# What is the best carnivorous plant for renegade flies?



## 41714049 (Feb 23, 2006)

I am looking for a carnivorous plant that would do a good job of catching renegade flies for my new frog room (still in planning stages... the house isn't even built yet).

I would prefer a plant that was easy to grow and doesn't have to be that pleasing to the eye. For this plant I am looking for function and ease of care.

Thanks.


----------



## bellerophon (Sep 18, 2006)

just about any drosera, they grow like weeds and are perfectly suited for bulk catching ff's. Here's my D. Adelae. They're practically impossible to kill and the flowers are self fertile so when they flower you'll get literally thousands of seeds that will quickly grow up to this size in under a year.










here's what it looked like in march after being shipped upside down covered in soil.


----------



## jejton (Sep 3, 2006)

Thats a cool plant. Whered you get it?


----------



## bellerophon (Sep 18, 2006)

you can buy them online or trade with other growers on various forums. I also sell divisions of my plants on here.


----------



## 41714049 (Feb 23, 2006)

Thanks for the help!


----------



## Dendrobait (May 29, 2005)

Would a ping work for this too?


----------



## bellerophon (Sep 18, 2006)

pings aren't bad but they don't seem to do nearly as well with insects larger than fungus gnats. they also grow much slower and most have dormancy's that will put them out of commission for half the year.


----------



## rattler_mt (Apr 15, 2005)

Mexi pings...........


----------



## 41714049 (Feb 23, 2006)

bellerophon said:


> you can buy them online or trade with other growers on various forums. I also sell divisions of my plants on here.


Do you ever get seeds from them? Finding carnivorous plants here is nearly impossible. I would be interested in getting seeds if anyone has any.


----------



## Dendrobait (May 29, 2005)

http://www.petflytrap.com may help.

I know you can get seeds from sundew...particularly D. capensis, pretty easily.


Now, if I could figure out how to grow the cursed things!


----------



## bellerophon (Sep 18, 2006)

My capensis is just losing its flowers now so I should have more seed than I know what to do with soon. I'm toying with the idea of an entire shelf with a forest of capensi. As far as getting them to grow, its usually a matter of how to stop them from growing :lol:


----------



## yut (Oct 8, 2006)

my drosera keep on living .. but they seems to be barely surviving and if i take them out of the sealed 10 gallon tank they dry up even when i keep them in my basement where the humidity is very high.. darn things wont keep glue on their leaves. got any ideas on how to keep them all sticky?


----------



## bellerophon (Sep 18, 2006)

how are the other factors? light, soil etc..


----------



## rattler_mt (Apr 15, 2005)

MOST Drosera's dont need humidity. i grow plenty in 20% humidity. light = dew production. which species do you have?


----------



## shortymac83 (Jun 27, 2007)

I know that around here, you can get different carnivorous plants (i.e. drosera, fly traps, etc), from Lowes or Home Depot.
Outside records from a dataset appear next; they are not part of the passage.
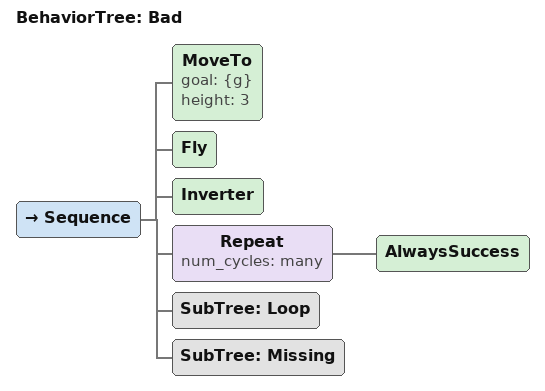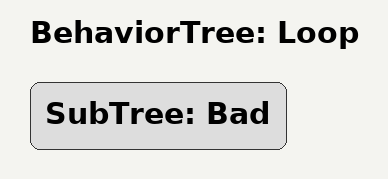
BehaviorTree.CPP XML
<?xml version="1.0" encoding="UTF-8"?>
<root BTCPP_format="4" main_tree_to_execute="Bad">
  <BehaviorTree ID="Bad">
    <Sequence>
      <MoveTo goal="{g}" height="3"/>
      <Fly/>
      <Inverter/>
      <Repeat num_cycles="many"><AlwaysSuccess/></Repeat>
      <SubTree ID="Loop"/>
      <SubTree ID="Missing"/>
    </Sequence>
  </BehaviorTree>
  <BehaviorTree ID="Loop">
    <SubTree ID="Bad"/>
  </BehaviorTree>
</root>
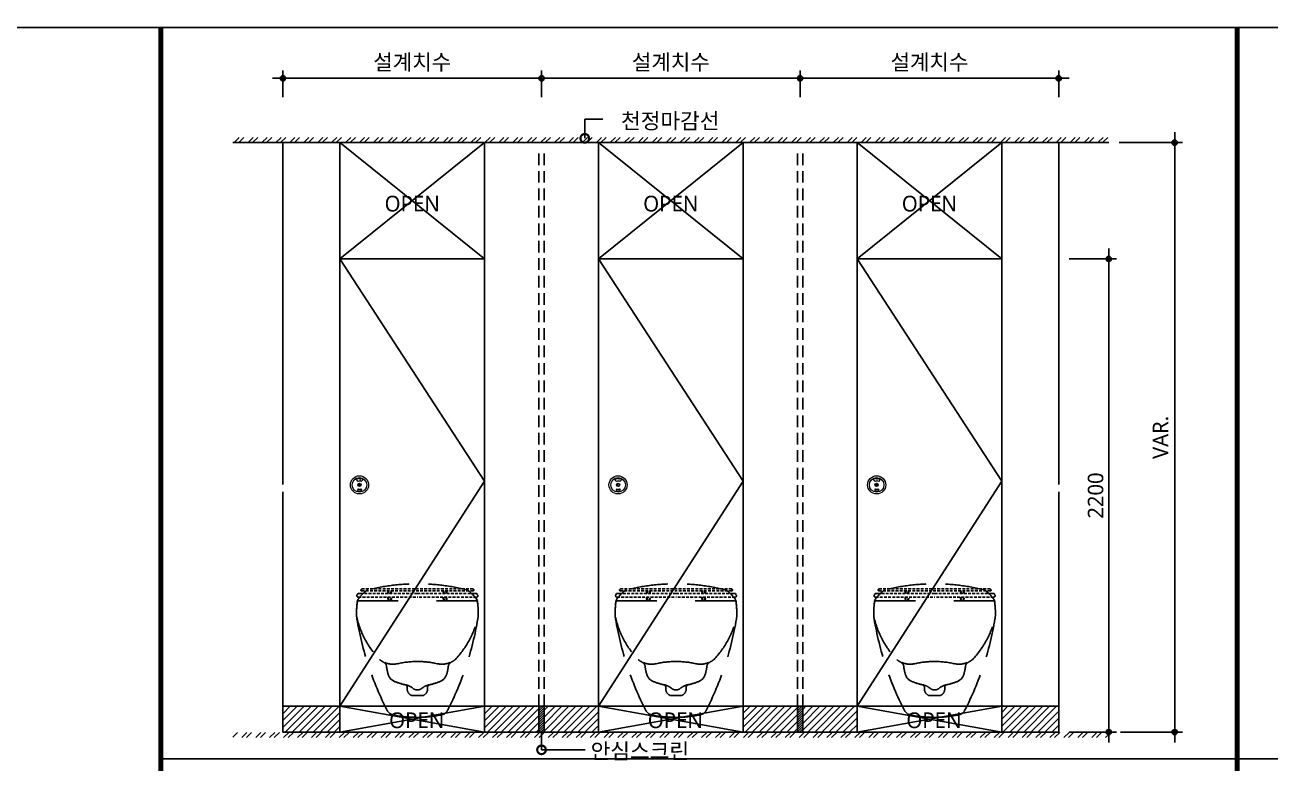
# Model space of a CAD drawing. Extents: x -256 to 8104, y -176 to 5714.
# Drawn here: x 2221 to 4629, y 4116 to 5543 of the extents above; entities that cross this region are included whole.
import ezdxf
from ezdxf.enums import TextEntityAlignment as Align

# ---------------------------------------------------------------- set-up
doc = ezdxf.new("R2010")
doc.units = 0
doc.header["$LTSCALE"] = 30
doc.linetypes.add('HIDDEN', pattern=[0.375, 0.25, -0.125])
doc.layers.get('0').update_dxf_attribs({"linetype": 'CONTINUOUS'})
doc.layers.get('DEFPOINTS').update_dxf_attribs({"linetype": 'CONTINUOUS'})
for name, color, linetype in [('DIM', 7, 'CONTINUOUS'), ('HAT', 8, 'CONTINUOUS'), ('HID', 9, 'HIDDEN'), ('문자', 3, 'CONTINUOUS'), ('부자재', 4, 'CONTINUOUS'), ('잠금쇠(회전형)', 4, 'CONTINUOUS'), ('치수', 1, 'CONTINUOUS'), ('판넬', 2, 'CONTINUOUS'), ('해치', 8, 'CONTINUOUS')]:
    doc.layers.add(name, color=color, linetype=linetype)
doc.styles.add('HDW', font='gulim.ttc')
doc.styles.add('돋움', font='malgun.ttf')
doc.dimstyles.new('10', dxfattribs={"dimscale": 10, "dimtxt": 3, "dimasz": 1, "dimexe": 1.5, "dimexo": 2, "dimgap": 1, "dimtad": 1, "dimdec": 0, "dimlunit": 6, "dimtxsty": '돋움', "dimblk": 'DIMDOT', "dimcen": -1, "dimdle": 1.5, "dimclrt": 3, "dimazin": 3, "dimtfac": 1, "dimtdec": 0, "dimtix": 1, "dimtmove": 2, "dimatfit": 3, "dimldrblk": 'DIMDOT', "dimarcsym": 0})

# ---------------------------------------------------------------- blocks, each defined once
blk = doc.blocks.new('DIMDOT')
at = {"linetype": 'Continuous'}
blk.add_line((-2, 0), (2, 0), dxfattribs=at)
for radius in [0.5, 0.25]:
    blk.add_circle((0, 0), radius, dxfattribs=at)
blk = doc.blocks.new('*D557')
at = {"layer": 'DEFPOINTS', "color": 0}
for p in [(11541.7, -1384.1), (11041.7, -1440.4), (11541.7, -1440.4)]:
    blk.add_point(p, dxfattribs=at)
at = {"layer": 'DIM', "color": 0, "lineweight": -2, "ltscale": 10}
for p, q in [((11041.7, -1420.4), (11041.7, -1369.1)), ((11541.7, -1420.4), (11541.7, -1369.1)), ((11051.7, -1384.1), (11531.7, -1384.1))]:
    blk.add_line(p, q, dxfattribs=at)
at = {"layer": 'DIM', "color": 0, "lineweight": -2, "xscale": 10, "yscale": 10, "zscale": 10, "rotation": 180}
blk.add_blockref('DIMDOT', (11041.7, -1384.1), dxfattribs=at)
at = {"layer": 'DIM', "color": 0, "lineweight": -2, "xscale": 10, "yscale": 10, "zscale": 10}
blk.add_blockref('DIMDOT', (11541.7, -1384.1), dxfattribs=at)
at = {"layer": 'DIM', "color": 3, "insert": (11291.7, -1354.4), "char_height": 30, "attachment_point": 5, "style": '돋움'}
blk.add_mtext('설계치수', dxfattribs=at)
blk = doc.blocks.new('*D558')
at = {"layer": 'DEFPOINTS', "color": 0}
for p in [(12041.7, -1384.1), (11541.7, -1440.4), (12041.7, -1440.4)]:
    blk.add_point(p, dxfattribs=at)
at = {"layer": 'DIM', "color": 0, "lineweight": -2, "ltscale": 10}
for p, q in [((11541.7, -1420.4), (11541.7, -1369.1)), ((12041.7, -1420.4), (12041.7, -1369.1)), ((11551.7, -1384.1), (12031.7, -1384.1))]:
    blk.add_line(p, q, dxfattribs=at)
at = {"layer": 'DIM', "color": 0, "lineweight": -2, "xscale": 10, "yscale": 10, "zscale": 10, "rotation": 180}
blk.add_blockref('DIMDOT', (11541.7, -1384.1), dxfattribs=at)
at = {"layer": 'DIM', "color": 0, "lineweight": -2, "xscale": 10, "yscale": 10, "zscale": 10}
blk.add_blockref('DIMDOT', (12041.7, -1384.1), dxfattribs=at)
at = {"layer": 'DIM', "color": 3, "insert": (11791.7, -1354.4), "char_height": 30, "attachment_point": 5, "style": '돋움'}
blk.add_mtext('설계치수', dxfattribs=at)
blk = doc.blocks.new('*D559')
at = {"layer": 'DEFPOINTS', "color": 0}
for p in [(12541.7, -1384.1), (12041.7, -1440.4), (12541.7, -1440.4)]:
    blk.add_point(p, dxfattribs=at)
at = {"layer": 'DIM', "color": 0, "lineweight": -2, "ltscale": 10}
for p, q in [((12041.7, -1420.4), (12041.7, -1369.1)), ((12541.7, -1420.4), (12541.7, -1369.1)), ((12051.7, -1384.1), (12531.7, -1384.1))]:
    blk.add_line(p, q, dxfattribs=at)
at = {"layer": 'DIM', "color": 0, "lineweight": -2, "xscale": 10, "yscale": 10, "zscale": 10, "rotation": 180}
blk.add_blockref('DIMDOT', (12041.7, -1384.1), dxfattribs=at)
at = {"layer": 'DIM', "color": 0, "lineweight": -2, "xscale": 10, "yscale": 10, "zscale": 10}
blk.add_blockref('DIMDOT', (12541.7, -1384.1), dxfattribs=at)
at = {"layer": 'DIM', "color": 3, "insert": (12291.7, -1354.4), "char_height": 30, "attachment_point": 5, "style": '돋움'}
blk.add_mtext('설계치수', dxfattribs=at)
blk = doc.blocks.new('*D560')
at = {"layer": 'DEFPOINTS', "color": 0}
for p in [(12541.7, -1733.3), (12541.7, -2648.3), (12638.6, -2648.3)]:
    blk.add_point(p, dxfattribs=at)
at = {"layer": 'DIM', "color": 0, "lineweight": -2, "ltscale": 10}
for p, q in [((12561.7, -1733.3), (12653.6, -1733.3)), ((12638.6, -1743.3), (12638.6, -2638.3)), ((12561.7, -2648.3), (12653.6, -2648.3))]:
    blk.add_line(p, q, dxfattribs=at)
at = {"layer": 'DIM', "color": 0, "lineweight": -2, "xscale": 10, "yscale": 10, "zscale": 10}
for p, rotation in [((12638.6, -1733.3), 90), ((12638.6, -2648.3), 270)]:
    blk.add_blockref('DIMDOT', p, dxfattribs=dict(at, rotation=rotation))
at = {"layer": 'DIM', "color": 3, "insert": (12613.1, -2190.8), "char_height": 30, "attachment_point": 5, "rotation": 90, "style": '돋움'}
blk.add_mtext('2200', dxfattribs=at)
blk = doc.blocks.new('A$C460A2A32')
at = {"color": 0}
for p, q in [((2.8, 20), (0.5, 16)), ((2.8, 20), (8.6, 20)), ((3.9, 10), (162.3, 10)), ((8.6, 20), (162.3, 20)), ((12.8, 32), (11.2, 30.4)), ((12.6, 27), (162.3, 27)), ((12.8, 32), (162.3, 32)), ((311.8, 32), (162.3, 32)), ((312, 27), (162.3, 27)), ((316, 20), (162.3, 20)), ((320.7, 10), (162.3, 10)), ((311.8, 32), (313.4, 30.4)), ((321.8, 20), (316, 20)), ((321.8, 20), (324.1, 16))]:
    blk.add_line(p, q, dxfattribs=at)
for centre, radius, start, end in [((3.9, 14), 4, 150.0107, 270), ((12.6, 29), 2, 135, 270), ((108.9, 28.2), 26, 182.6717, 198.4118), ((108.9, 10), 26, 180, 202.6199), ((107.4, 28.2), 23, 183.0205, 200.9186), ((107.4, 10), 23, 180, 205.7715), ((68.6, 10), 23, 334.2285, 0), ((68.6, 28.2), 23, 339.0814, 356.9795), ((67.1, 10), 26, 337.3801, 0), ((67.1, 28.2), 26, 341.5882, 357.3283), ((257.5, 28.2), 26, 182.6717, 198.4118), ((257.5, 10), 26, 180, 202.6199), ((256, 28.2), 23, 183.0205, 200.9186), ((256, 10), 23, 180, 205.7715), ((217.2, 10), 23, 334.2285, 0), ((217.2, 28.2), 23, 339.0814, 356.9795), ((215.7, 10), 26, 337.3801, 0), ((215.7, 28.2), 26, 341.5882, 357.3283), ((312, 29), 2, 270, 45), ((320.7, 14), 4, 270, 29.9893)]:
    blk.add_arc(centre, radius, start, end, dxfattribs=at)
blk = doc.blocks.new('_DOTSMALL')
at = {"color": 0, "linetype": 'ByBlock', "const_width": 0.5}
blk.add_lwpolyline([(-0.0625, 0, 1), (0.0625, 0, 1)], format="xyb", close=True, dxfattribs=at)
blk = doc.blocks.new('A$C63EC304E')
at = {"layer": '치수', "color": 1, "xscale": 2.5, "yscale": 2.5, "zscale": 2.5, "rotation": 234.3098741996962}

Don't know if the same would apply to canada though...


----------



## yut (Oct 8, 2006)

i've got an adelae right now.... lol didnt want to get any more because this one isnt doing so well. I have it under 2 2 ft flourescent tubes about 8 inches away and the tank is wrapped in foil to help reflect light back to it. The tubes are 9 month old repti glow 8.0. i also took the lil booger outside for a few days with not much luck. i live in northern indiana so its pretty humid and sunny out.


----------



## rattler_mt (Apr 15, 2005)

for the record............i grow prolly 15 different species at the moment, including some difficult ones from Aussieland i have grown prolly another 15 species off and on......i cant grow adelae to save my life. spatulata, capensis and binata are MUCH MUCH easier...........adelae is also a species that hates full sun(unusual for a sundew) and is one of the species that prefers higher humidity though 60% or so should be sufficient.........


----------



## Jungle_John (Feb 19, 2007)

bellerophon said:


> just about any drosera, they grow like weeds and are perfectly suited for bulk catching ff's. Here's my D. Adelae. They're practically impossible to kill and the flowers are self fertile so when they flower you'll get literally thousands of seeds that will quickly grow up to this size in under a year.
> 
> 
> 
> ...


how do they get the flys? and how many do they kill? i got alot of strays also do they attrack flys with a smell?


----------



## yut (Oct 8, 2006)

they are all sticky so when flies land on them they get stuck and digested. very cool lil plants


----------



## Grassypeak (Jun 14, 2005)

Do Mexican Pings grow all year? What is their culture like. I’d love to have something that gets rid of fungus gnats!


----------



## rattler_mt (Apr 15, 2005)

mexican pings have carnivorous leaves and winter succulent leaves to get them through the dry mexican winter. other than a small handful of difficult species they have no true dormancy. they just move back and forth between the leaf types as the water level and some other unknown clues tell them to. actually they grow faster in their winter growth than in their carnivorous. as for culture, carnivorous plant culture is a fluid thing. there are no set in stone guide lines. on person will grow them one way and a guy 2 blocks away will use a different method and both succed.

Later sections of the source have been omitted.